MATERIAL TO PROCESS —
----
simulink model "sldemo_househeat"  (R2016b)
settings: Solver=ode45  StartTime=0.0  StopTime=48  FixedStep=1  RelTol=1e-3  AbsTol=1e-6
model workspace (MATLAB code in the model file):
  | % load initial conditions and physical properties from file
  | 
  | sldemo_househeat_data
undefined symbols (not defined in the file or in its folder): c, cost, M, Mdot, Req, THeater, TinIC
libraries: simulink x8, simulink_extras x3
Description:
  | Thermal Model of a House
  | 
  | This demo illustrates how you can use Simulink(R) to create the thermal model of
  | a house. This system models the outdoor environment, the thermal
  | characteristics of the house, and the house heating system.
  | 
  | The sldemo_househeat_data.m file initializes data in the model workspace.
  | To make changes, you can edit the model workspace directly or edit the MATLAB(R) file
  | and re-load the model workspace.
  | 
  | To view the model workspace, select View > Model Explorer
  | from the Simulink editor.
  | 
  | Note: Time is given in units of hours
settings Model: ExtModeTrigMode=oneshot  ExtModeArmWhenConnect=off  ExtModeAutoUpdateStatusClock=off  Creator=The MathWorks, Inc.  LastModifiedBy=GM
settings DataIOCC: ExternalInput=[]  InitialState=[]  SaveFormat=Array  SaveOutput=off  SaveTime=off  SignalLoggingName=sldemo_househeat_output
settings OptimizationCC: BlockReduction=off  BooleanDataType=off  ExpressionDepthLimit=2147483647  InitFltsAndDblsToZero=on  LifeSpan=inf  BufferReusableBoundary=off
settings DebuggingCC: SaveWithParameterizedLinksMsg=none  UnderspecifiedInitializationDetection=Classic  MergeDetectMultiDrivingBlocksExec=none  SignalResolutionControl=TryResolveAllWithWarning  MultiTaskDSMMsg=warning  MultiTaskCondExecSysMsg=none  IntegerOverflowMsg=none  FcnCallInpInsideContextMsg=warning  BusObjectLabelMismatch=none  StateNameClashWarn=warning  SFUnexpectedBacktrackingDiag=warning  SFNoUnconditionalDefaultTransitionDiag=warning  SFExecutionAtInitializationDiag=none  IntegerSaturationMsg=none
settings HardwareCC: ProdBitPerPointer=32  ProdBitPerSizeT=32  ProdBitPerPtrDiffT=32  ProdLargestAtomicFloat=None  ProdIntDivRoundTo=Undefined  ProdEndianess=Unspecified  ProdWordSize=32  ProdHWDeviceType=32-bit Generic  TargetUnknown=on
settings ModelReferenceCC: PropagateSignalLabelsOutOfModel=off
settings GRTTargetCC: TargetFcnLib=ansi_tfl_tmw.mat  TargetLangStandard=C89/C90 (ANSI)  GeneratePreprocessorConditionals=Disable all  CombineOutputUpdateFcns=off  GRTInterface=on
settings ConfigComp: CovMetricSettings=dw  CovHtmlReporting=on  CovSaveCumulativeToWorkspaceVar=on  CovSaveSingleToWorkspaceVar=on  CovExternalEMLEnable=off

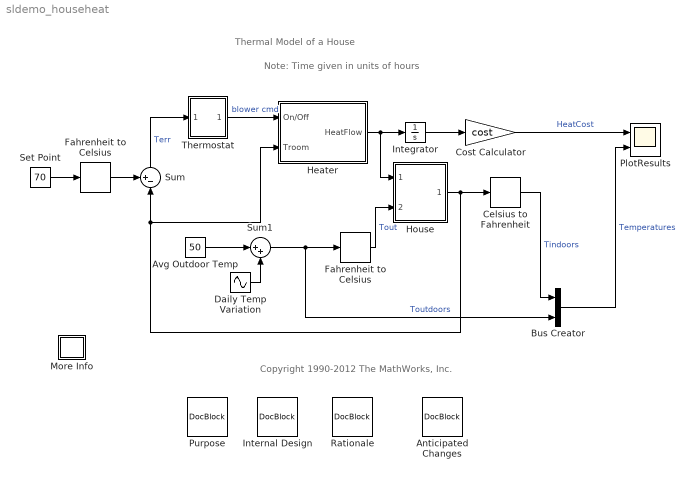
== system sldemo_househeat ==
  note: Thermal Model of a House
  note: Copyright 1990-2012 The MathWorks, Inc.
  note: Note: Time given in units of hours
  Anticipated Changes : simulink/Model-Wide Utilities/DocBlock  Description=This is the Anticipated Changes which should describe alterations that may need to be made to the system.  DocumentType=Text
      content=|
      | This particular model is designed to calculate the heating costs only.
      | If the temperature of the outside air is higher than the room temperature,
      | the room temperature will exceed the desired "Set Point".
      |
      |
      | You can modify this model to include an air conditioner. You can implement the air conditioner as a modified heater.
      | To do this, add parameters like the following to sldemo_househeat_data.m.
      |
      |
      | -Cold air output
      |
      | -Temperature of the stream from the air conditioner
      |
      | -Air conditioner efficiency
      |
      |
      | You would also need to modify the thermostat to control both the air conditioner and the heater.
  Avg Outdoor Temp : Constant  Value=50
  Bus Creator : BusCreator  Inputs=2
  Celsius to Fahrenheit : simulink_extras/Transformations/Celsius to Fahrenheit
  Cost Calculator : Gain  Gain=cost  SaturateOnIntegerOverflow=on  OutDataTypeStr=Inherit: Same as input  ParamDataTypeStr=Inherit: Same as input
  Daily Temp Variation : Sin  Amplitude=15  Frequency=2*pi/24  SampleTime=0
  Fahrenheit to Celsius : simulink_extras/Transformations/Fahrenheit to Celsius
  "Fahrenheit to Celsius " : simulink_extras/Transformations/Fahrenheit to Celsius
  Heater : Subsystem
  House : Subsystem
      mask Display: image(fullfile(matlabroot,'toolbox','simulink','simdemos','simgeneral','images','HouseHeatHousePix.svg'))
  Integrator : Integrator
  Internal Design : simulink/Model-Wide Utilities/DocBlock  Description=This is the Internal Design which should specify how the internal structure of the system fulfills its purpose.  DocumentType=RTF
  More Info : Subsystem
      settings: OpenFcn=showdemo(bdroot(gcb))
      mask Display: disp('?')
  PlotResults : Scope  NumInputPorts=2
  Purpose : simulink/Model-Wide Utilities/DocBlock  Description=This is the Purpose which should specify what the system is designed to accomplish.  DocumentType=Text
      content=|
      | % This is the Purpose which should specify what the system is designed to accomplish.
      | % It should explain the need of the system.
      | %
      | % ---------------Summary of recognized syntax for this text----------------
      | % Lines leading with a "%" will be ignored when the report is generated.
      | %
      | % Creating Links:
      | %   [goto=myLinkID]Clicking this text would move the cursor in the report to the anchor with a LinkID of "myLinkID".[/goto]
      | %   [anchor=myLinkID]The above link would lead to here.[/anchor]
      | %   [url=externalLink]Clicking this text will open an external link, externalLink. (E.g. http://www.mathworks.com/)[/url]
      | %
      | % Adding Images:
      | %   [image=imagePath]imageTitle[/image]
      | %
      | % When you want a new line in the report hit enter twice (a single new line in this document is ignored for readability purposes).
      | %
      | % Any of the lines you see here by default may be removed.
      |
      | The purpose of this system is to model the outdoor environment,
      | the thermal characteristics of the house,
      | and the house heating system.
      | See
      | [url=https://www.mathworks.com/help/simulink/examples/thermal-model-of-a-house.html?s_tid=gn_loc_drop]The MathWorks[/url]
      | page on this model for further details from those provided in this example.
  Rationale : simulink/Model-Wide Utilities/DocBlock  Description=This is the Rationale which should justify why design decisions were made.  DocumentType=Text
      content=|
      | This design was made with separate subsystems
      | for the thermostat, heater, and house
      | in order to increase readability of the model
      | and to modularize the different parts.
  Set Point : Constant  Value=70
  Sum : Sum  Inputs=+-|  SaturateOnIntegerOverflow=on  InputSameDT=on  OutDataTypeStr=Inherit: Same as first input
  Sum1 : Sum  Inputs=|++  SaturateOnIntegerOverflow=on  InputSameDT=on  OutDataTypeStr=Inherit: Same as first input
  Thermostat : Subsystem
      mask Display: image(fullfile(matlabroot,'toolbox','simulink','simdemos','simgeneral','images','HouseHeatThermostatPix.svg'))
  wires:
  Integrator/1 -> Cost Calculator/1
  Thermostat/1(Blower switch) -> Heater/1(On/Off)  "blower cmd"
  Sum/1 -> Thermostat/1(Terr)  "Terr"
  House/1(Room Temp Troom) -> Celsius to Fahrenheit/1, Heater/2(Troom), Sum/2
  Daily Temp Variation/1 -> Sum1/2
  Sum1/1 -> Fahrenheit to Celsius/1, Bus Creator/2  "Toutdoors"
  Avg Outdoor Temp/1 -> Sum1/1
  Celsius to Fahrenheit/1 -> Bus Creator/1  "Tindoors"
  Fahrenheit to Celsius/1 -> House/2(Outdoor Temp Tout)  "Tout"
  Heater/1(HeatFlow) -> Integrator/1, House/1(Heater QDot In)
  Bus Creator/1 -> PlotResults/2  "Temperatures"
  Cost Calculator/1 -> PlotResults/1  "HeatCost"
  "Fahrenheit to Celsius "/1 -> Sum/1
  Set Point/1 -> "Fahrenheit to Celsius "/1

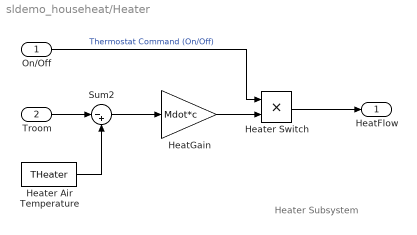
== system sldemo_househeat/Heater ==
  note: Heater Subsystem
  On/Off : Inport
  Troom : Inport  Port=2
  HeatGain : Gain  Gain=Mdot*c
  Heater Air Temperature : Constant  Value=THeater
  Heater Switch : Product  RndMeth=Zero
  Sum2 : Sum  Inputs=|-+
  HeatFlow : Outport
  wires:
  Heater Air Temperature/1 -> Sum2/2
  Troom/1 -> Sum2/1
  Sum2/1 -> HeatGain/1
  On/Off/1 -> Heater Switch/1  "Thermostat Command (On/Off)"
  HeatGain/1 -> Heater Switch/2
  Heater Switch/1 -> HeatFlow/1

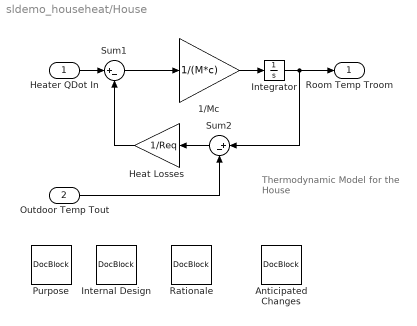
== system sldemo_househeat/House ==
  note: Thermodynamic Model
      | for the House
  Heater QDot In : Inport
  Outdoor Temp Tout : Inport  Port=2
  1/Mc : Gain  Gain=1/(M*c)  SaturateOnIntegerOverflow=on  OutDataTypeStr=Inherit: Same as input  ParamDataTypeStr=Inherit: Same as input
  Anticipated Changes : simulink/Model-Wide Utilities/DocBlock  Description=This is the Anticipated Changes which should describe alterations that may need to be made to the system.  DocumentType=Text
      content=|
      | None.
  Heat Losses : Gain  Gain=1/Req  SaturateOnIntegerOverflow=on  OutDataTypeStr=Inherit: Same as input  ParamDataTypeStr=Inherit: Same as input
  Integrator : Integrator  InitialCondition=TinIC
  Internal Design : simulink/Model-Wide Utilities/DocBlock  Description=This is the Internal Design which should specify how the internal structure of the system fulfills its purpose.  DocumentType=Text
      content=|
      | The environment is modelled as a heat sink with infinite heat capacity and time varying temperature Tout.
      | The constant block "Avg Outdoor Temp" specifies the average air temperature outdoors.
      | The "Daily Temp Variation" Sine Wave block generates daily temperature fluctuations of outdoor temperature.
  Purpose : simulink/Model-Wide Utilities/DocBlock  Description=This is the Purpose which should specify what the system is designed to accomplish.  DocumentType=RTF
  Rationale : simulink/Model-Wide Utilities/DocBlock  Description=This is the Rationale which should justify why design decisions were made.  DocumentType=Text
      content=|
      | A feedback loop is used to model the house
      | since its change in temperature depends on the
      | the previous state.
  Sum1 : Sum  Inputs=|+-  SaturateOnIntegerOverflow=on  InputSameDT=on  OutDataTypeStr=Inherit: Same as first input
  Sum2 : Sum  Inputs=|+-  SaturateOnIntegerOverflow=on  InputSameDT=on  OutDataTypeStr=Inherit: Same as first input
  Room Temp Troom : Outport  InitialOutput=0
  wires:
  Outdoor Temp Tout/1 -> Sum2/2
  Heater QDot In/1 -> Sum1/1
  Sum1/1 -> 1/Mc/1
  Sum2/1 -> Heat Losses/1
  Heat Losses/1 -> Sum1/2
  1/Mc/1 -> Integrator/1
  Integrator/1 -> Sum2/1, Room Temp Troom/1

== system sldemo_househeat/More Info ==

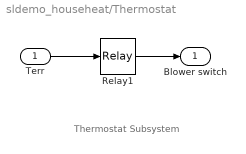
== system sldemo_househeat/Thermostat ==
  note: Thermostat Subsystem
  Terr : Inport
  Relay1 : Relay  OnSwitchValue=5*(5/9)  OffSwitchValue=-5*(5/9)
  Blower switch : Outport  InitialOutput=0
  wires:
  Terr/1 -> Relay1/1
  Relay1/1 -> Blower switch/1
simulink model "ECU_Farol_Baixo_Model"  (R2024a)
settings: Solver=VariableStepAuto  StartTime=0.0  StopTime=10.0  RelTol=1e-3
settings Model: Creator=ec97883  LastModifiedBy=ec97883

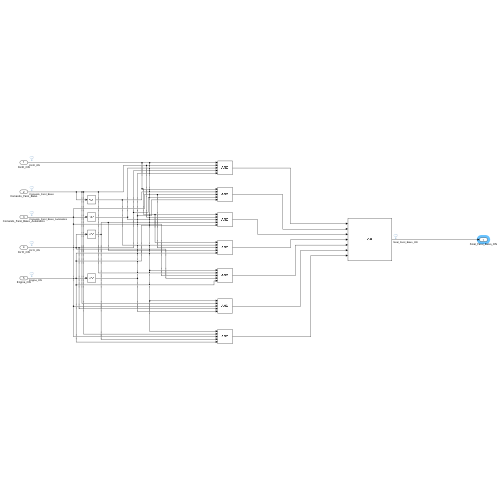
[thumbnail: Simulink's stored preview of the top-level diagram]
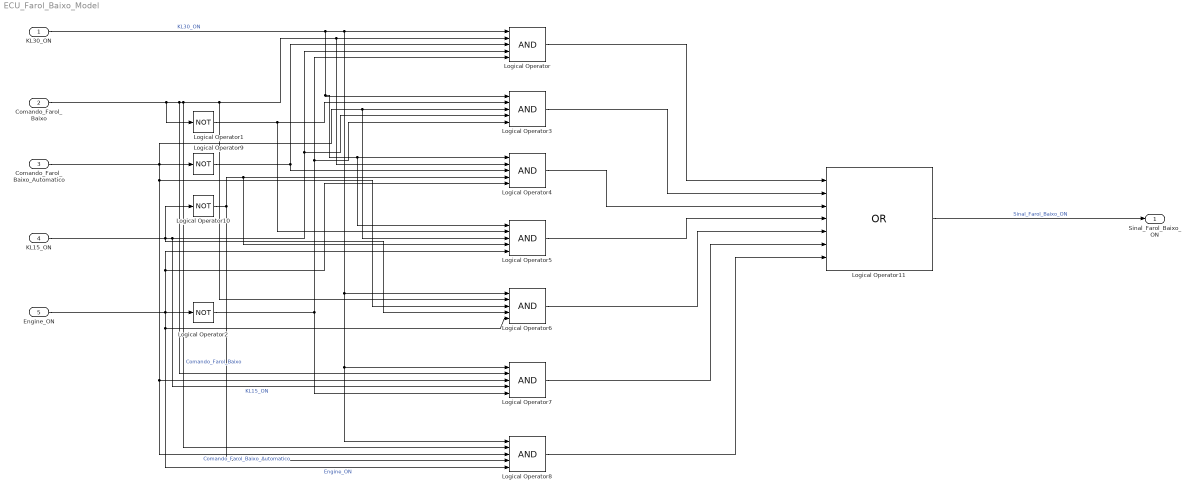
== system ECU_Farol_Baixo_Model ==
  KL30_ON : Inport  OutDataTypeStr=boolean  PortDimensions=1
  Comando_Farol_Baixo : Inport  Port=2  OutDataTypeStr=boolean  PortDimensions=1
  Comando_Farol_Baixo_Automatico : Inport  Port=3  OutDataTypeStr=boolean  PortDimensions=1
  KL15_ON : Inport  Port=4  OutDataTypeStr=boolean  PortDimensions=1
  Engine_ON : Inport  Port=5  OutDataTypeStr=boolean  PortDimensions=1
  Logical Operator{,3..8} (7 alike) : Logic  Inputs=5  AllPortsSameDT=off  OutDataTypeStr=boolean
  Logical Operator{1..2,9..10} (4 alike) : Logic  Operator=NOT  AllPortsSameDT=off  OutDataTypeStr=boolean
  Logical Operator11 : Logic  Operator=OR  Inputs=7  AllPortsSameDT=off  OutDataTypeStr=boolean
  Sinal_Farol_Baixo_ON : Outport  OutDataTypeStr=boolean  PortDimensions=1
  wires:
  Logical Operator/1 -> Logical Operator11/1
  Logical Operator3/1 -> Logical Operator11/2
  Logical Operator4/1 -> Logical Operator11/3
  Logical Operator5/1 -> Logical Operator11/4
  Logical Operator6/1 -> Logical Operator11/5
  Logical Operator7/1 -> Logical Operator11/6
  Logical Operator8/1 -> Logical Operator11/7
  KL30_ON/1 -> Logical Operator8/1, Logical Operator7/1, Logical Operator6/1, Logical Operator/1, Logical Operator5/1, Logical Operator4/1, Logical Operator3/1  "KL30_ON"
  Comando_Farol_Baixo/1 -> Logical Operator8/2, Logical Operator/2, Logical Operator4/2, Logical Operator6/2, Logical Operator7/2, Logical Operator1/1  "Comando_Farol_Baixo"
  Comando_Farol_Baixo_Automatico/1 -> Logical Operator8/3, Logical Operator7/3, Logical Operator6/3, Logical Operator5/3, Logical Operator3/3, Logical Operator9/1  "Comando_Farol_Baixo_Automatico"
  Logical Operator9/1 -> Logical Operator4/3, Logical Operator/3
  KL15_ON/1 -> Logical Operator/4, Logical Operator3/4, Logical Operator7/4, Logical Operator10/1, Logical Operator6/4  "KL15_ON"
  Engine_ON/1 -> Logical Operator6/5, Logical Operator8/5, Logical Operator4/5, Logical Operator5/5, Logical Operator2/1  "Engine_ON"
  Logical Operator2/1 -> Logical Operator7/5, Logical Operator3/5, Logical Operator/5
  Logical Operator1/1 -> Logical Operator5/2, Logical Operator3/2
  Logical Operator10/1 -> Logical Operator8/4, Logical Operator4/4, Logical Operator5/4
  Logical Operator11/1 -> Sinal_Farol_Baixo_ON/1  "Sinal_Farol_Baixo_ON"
----
INSTRUCTIONS TO FOLLOW —
Extract every line from the one with "Engine_ON/1 -> Logical" down to the final line above, both included, exactly as written.

TASK OUTPUT —
  Engine_ON/1 -> Logical Operator6/5, Logical Operator8/5, Logical Operator4/5, Logical Operator5/5, Logical Operator2/1  "Engine_ON"
  Logical Operator2/1 -> Logical Operator7/5, Logical Operator3/5, Logical Operator/5
  Logical Operator1/1 -> Logical Operator5/2, Logical Operator3/2
  Logical Operator10/1 -> Logical Operator8/4, Logical Operator4/4, Logical Operator5/4
  Logical Operator11/1 -> Sinal_Farol_Baixo_ON/1  "Sinal_Farol_Baixo_ON"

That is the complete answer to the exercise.